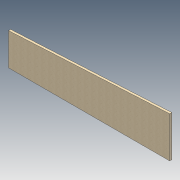
# Autodesk Inventor part: GE-12103-01
Saved by Autodesk Inventor 2012 (Build 160160000, 160)
## iProperties
Created: 2011-11-27
Part Number: GE-12103-01
Document SubType Name: Modeling
Designer: dfoster
Density: 1 g/cm^3
Description: Side, Plywood
Material: Default
Title: Side, Plywood
Author: dfoster
Autodesk Inventor part; units mm, degrees
ref_plane "YZ Plane" through (0, 0, 0) normal (1, 0, 0) x (0, 1, 0)
ref_plane "XZ Plane" through (0, 0, 0) normal (0, 1, 0) x (-1, 0, 0)
ref_plane "XY Plane" through (0, 0, 0) normal (0, 0, 1) x (1, 0, 0)
sketch "Sketch1" plane through (0, 0, 0) normal (0, 0, 1) x (1, 0, 0)
  line L0 (0, 0) -> (0, 190.5)
  line L1 (0, 190.5) -> (952.5, 241.3)
  line L2 (952.5, 241.3) -> (952.5, 0)
  line L3 (952.5, 0) -> (0, 0)
  dimension "d0" = 952.5
  dimension "d5" = 190.5
  dimension "d9" = 241.3
  constraints: 8 end point, 2 vertical, 1 horizontal
  measures "d0" distance of L2.end L0.start
  measures "d5" distance of L0.start L0.end
  measures "d9" distance of L1.end L2.end
extrude "Extrusion1" add sketch "Sketch1" along normal blind 12.7
body "Solid1"

> TASK GOAL:
Quote only the lines from the line containing "of L1.end L2.end" through the end of the entries, keeping the first and the last.

> EXPECTED ANSWER:
  measures "d9" distance of L1.end L2.end
extrude "Extrusion1" add sketch "Sketch1" along normal blind 12.7
body "Solid1"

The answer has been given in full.